EXERCISE ::
The entire listing below is to be written out exactly, minus the pictures.

STORED DATA ::
····················
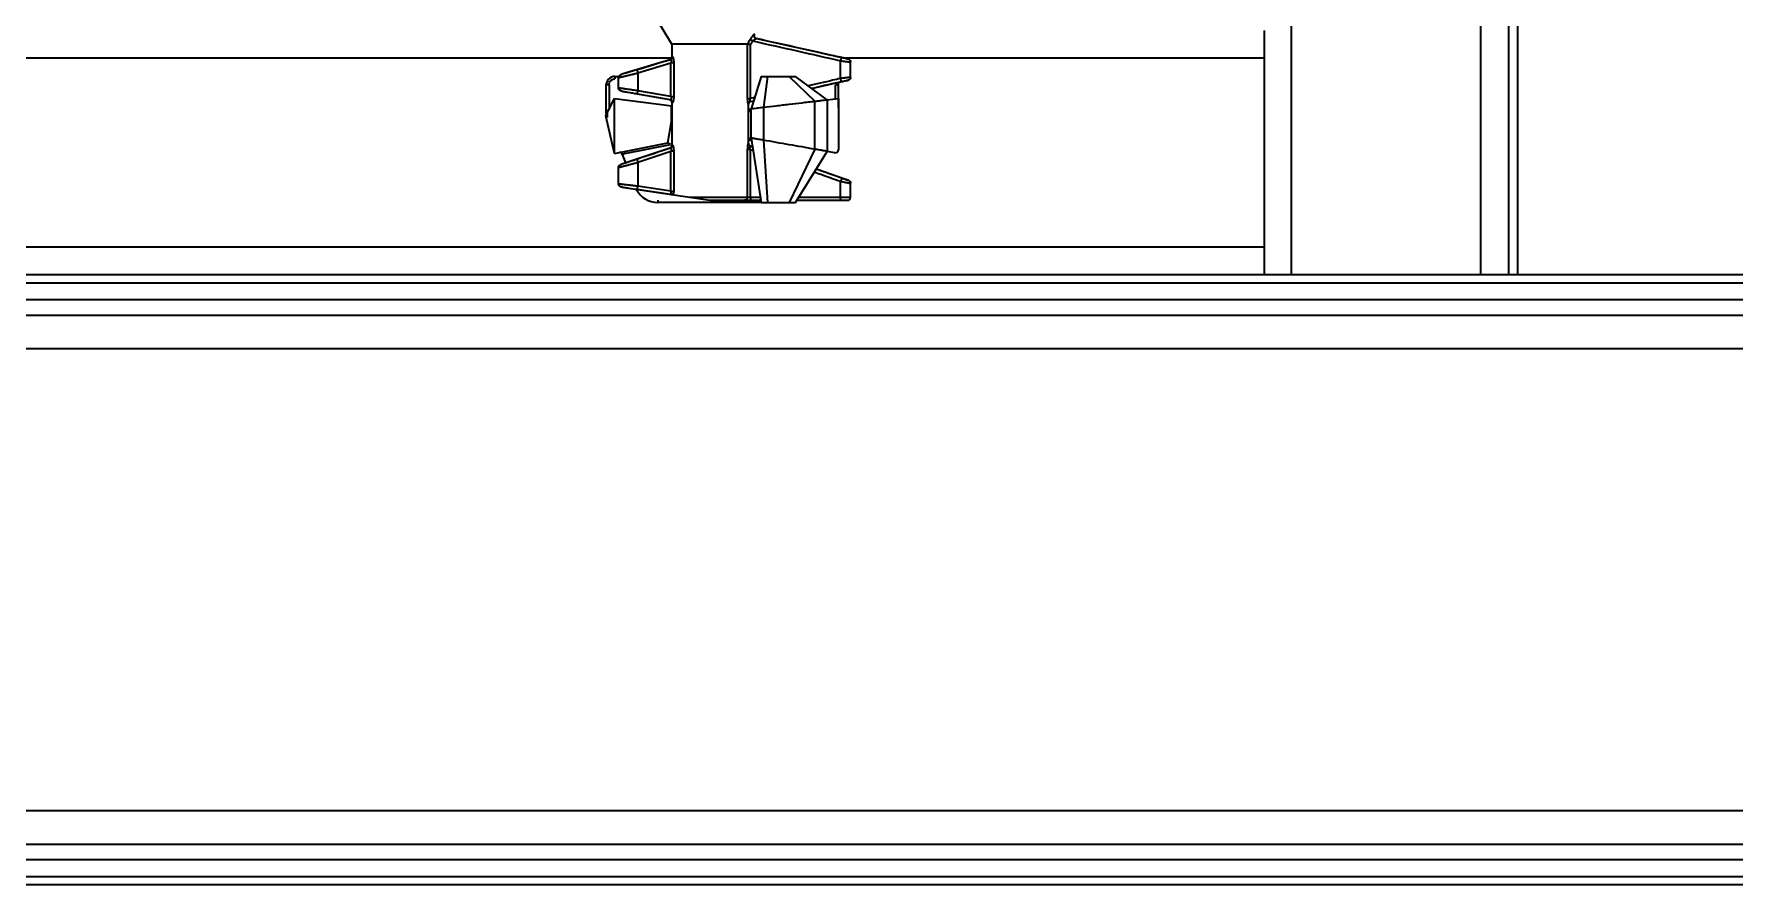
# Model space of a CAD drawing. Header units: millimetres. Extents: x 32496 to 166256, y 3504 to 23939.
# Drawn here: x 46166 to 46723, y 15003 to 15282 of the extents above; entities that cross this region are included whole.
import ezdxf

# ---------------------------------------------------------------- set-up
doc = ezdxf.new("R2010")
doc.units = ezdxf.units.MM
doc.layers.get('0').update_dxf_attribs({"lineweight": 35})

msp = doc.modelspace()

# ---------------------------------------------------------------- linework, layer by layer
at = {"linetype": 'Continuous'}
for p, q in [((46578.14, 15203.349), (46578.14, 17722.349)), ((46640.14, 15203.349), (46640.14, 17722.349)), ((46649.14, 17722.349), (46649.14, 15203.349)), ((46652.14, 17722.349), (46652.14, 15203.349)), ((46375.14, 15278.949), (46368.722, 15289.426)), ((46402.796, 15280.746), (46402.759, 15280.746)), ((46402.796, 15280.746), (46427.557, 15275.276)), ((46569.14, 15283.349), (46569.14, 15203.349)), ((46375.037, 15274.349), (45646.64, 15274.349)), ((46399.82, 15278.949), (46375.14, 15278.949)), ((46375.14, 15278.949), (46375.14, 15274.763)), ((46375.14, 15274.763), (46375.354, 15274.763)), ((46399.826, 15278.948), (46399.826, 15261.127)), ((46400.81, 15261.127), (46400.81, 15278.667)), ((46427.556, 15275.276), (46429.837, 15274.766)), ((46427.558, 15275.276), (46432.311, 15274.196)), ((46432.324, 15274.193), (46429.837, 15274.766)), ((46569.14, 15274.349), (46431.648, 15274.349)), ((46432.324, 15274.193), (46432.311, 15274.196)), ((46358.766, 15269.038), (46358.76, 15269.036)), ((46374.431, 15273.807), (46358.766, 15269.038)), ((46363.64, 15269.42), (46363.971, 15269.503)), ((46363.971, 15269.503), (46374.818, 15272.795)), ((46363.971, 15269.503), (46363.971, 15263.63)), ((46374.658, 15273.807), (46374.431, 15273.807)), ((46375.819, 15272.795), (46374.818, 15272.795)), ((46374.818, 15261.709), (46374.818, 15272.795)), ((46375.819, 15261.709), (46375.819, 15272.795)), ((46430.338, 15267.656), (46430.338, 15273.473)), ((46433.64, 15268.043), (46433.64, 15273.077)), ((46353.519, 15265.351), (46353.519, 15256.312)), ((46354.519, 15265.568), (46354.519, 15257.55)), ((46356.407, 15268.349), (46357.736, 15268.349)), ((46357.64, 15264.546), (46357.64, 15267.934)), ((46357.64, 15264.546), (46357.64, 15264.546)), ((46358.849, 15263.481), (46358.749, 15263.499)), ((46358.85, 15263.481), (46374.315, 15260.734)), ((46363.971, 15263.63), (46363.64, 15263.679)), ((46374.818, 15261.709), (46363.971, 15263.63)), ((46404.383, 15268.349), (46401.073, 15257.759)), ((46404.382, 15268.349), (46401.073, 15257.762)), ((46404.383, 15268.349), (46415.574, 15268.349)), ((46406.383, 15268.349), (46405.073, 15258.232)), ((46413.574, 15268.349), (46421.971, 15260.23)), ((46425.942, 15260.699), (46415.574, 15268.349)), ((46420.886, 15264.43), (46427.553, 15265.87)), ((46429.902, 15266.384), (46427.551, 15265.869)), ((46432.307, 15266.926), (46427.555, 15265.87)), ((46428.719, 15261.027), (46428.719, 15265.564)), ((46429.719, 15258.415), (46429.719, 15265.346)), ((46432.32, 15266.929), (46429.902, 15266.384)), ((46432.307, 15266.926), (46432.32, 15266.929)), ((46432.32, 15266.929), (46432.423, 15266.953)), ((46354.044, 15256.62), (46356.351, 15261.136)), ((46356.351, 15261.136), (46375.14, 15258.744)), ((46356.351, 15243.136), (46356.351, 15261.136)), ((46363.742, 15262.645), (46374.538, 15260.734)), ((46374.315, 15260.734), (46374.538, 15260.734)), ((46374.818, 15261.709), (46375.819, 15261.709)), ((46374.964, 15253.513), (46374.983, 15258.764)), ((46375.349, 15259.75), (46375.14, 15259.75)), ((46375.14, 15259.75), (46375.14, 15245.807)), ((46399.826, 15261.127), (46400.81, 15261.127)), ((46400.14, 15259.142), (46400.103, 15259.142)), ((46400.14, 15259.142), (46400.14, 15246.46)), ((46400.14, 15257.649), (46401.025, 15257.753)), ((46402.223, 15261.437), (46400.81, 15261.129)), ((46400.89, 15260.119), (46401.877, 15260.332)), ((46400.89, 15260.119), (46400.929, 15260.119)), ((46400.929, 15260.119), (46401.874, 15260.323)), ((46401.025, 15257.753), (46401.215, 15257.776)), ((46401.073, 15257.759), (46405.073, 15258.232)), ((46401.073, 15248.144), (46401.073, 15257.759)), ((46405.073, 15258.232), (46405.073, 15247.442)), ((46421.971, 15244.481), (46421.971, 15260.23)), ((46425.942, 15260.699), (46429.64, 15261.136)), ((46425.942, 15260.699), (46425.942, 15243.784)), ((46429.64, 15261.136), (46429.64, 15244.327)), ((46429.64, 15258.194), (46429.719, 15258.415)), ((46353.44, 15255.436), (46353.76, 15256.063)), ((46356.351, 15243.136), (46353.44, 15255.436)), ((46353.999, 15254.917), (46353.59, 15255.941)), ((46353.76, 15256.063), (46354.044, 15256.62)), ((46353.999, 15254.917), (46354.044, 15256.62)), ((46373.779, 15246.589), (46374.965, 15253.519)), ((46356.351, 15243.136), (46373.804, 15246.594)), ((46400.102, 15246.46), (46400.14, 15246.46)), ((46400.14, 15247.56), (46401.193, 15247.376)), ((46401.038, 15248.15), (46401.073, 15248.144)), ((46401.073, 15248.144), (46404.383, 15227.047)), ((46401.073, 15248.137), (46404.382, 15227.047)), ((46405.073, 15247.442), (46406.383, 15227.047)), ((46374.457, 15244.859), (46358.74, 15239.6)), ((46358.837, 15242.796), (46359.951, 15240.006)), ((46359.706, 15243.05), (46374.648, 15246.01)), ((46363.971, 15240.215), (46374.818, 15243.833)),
····················
EXERCISE RESULT ::
# Model space of a CAD drawing. Header units: millimetres. Extents: x 32496 to 166256, y 3504 to 23939.
# Drawn here: x 46166 to 46723, y 15003 to 15282 of the extents above; entities that cross this region are included whole.
import ezdxf

# ---------------------------------------------------------------- set-up
doc = ezdxf.new("R2010")
doc.units = ezdxf.units.MM
doc.layers.get('0').update_dxf_attribs({"lineweight": 35})

msp = doc.modelspace()

# ---------------------------------------------------------------- linework, layer by layer
at = {"linetype": 'Continuous'}
for p, q in [((46578.14, 15203.349), (46578.14, 17722.349)), ((46640.14, 15203.349), (46640.14, 17722.349)), ((46649.14, 17722.349), (46649.14, 15203.349)), ((46652.14, 17722.349), (46652.14, 15203.349)), ((46375.14, 15278.949), (46368.722, 15289.426)), ((46402.796, 15280.746), (46402.759, 15280.746)), ((46402.796, 15280.746), (46427.557, 15275.276)), ((46569.14, 15283.349), (46569.14, 15203.349)), ((46375.037, 15274.349), (45646.64, 15274.349)), ((46399.82, 15278.949), (46375.14, 15278.949)), ((46375.14, 15278.949), (46375.14, 15274.763)), ((46375.14, 15274.763), (46375.354, 15274.763)), ((46399.826, 15278.948), (46399.826, 15261.127)), ((46400.81, 15261.127), (46400.81, 15278.667)), ((46427.556, 15275.276), (46429.837, 15274.766)), ((46427.558, 15275.276), (46432.311, 15274.196)), ((46432.324, 15274.193), (46429.837, 15274.766)), ((46569.14, 15274.349), (46431.648, 15274.349)), ((46432.324, 15274.193), (46432.311, 15274.196)), ((46358.766, 15269.038), (46358.76, 15269.036)), ((46374.431, 15273.807), (46358.766, 15269.038)), ((46363.64, 15269.42), (46363.971, 15269.503)), ((46363.971, 15269.503), (46374.818, 15272.795)), ((46363.971, 15269.503), (46363.971, 15263.63)), ((46374.658, 15273.807), (46374.431, 15273.807)), ((46375.819, 15272.795), (46374.818, 15272.795)), ((46374.818, 15261.709), (46374.818, 15272.795)), ((46375.819, 15261.709), (46375.819, 15272.795)), ((46430.338, 15267.656), (46430.338, 15273.473)), ((46433.64, 15268.043), (46433.64, 15273.077)), ((46353.519, 15265.351), (46353.519, 15256.312)), ((46354.519, 15265.568), (46354.519, 15257.55)), ((46356.407, 15268.349), (46357.736, 15268.349)), ((46357.64, 15264.546), (46357.64, 15267.934)), ((46357.64, 15264.546), (46357.64, 15264.546)), ((46358.849, 15263.481), (46358.749, 15263.499)), ((46358.85, 15263.481), (46374.315, 15260.734)), ((46363.971, 15263.63), (46363.64, 15263.679)), ((46374.818, 15261.709), (46363.971, 15263.63)), ((46404.383, 15268.349), (46401.073, 15257.759)), ((46404.382, 15268.349), (46401.073, 15257.762)), ((46404.383, 15268.349), (46415.574, 15268.349)), ((46406.383, 15268.349), (46405.073, 15258.232)), ((46413.574, 15268.349), (46421.971, 15260.23)), ((46425.942, 15260.699), (46415.574, 15268.349)), ((46420.886, 15264.43), (46427.553, 15265.87)), ((46429.902, 15266.384), (46427.551, 15265.869)), ((46432.307, 15266.926), (46427.555, 15265.87)), ((46428.719, 15261.027), (46428.719, 15265.564)), ((46429.719, 15258.415), (46429.719, 15265.346)), ((46432.32, 15266.929), (46429.902, 15266.384)), ((46432.307, 15266.926), (46432.32, 15266.929)), ((46432.32, 15266.929), (46432.423, 15266.953)), ((46354.044, 15256.62), (46356.351, 15261.136)), ((46356.351, 15261.136), (46375.14, 15258.744)), ((46356.351, 15243.136), (46356.351, 15261.136)), ((46363.742, 15262.645), (46374.538, 15260.734)), ((46374.315, 15260.734), (46374.538, 15260.734)), ((46374.818, 15261.709), (46375.819, 15261.709)), ((46374.964, 15253.513), (46374.983, 15258.764)), ((46375.349, 15259.75), (46375.14, 15259.75)), ((46375.14, 15259.75), (46375.14, 15245.807)), ((46399.826, 15261.127), (46400.81, 15261.127)), ((46400.14, 15259.142), (46400.103, 15259.142)), ((46400.14, 15259.142), (46400.14, 15246.46)), ((46400.14, 15257.649), (46401.025, 15257.753)), ((46402.223, 15261.437), (46400.81, 15261.129)), ((46400.89, 15260.119), (46401.877, 15260.332)), ((46400.89, 15260.119), (46400.929, 15260.119)), ((46400.929, 15260.119), (46401.874, 15260.323)), ((46401.025, 15257.753), (46401.215, 15257.776)), ((46401.073, 15257.759), (46405.073, 15258.232)), ((46401.073, 15248.144), (46401.073, 15257.759)), ((46405.073, 15258.232), (46405.073, 15247.442)), ((46421.971, 15244.481), (46421.971, 15260.23)), ((46425.942, 15260.699), (46429.64, 15261.136)), ((46425.942, 15260.699), (46425.942, 15243.784)), ((46429.64, 15261.136), (46429.64, 15244.327)), ((46429.64, 15258.194), (46429.719, 15258.415)), ((46353.44, 15255.436), (46353.76, 15256.063)), ((46356.351, 15243.136), (46353.44, 15255.436)), ((46353.999, 15254.917), (46353.59, 15255.941)), ((46353.76, 15256.063), (46354.044, 15256.62)), ((46353.999, 15254.917), (46354.044, 15256.62)), ((46373.779, 15246.589), (46374.965, 15253.519)), ((46356.351, 15243.136), (46373.804, 15246.594)), ((46400.102, 15246.46), (46400.14, 15246.46)), ((46400.14, 15247.56), (46401.193, 15247.376)), ((46401.038, 15248.15), (46401.073, 15248.144)), ((46401.073, 15248.144), (46404.383, 15227.047)), ((46401.073, 15248.137), (46404.382, 15227.047)), ((46405.073, 15247.442), (46406.383, 15227.047)), ((46374.457, 15244.859), (46358.74, 15239.6)), ((46358.837, 15242.796), (46359.951, 15240.006)), ((46359.706, 15243.05), (46374.648, 15246.01)), ((46363.971, 15240.215), (46374.818, 15243.833)),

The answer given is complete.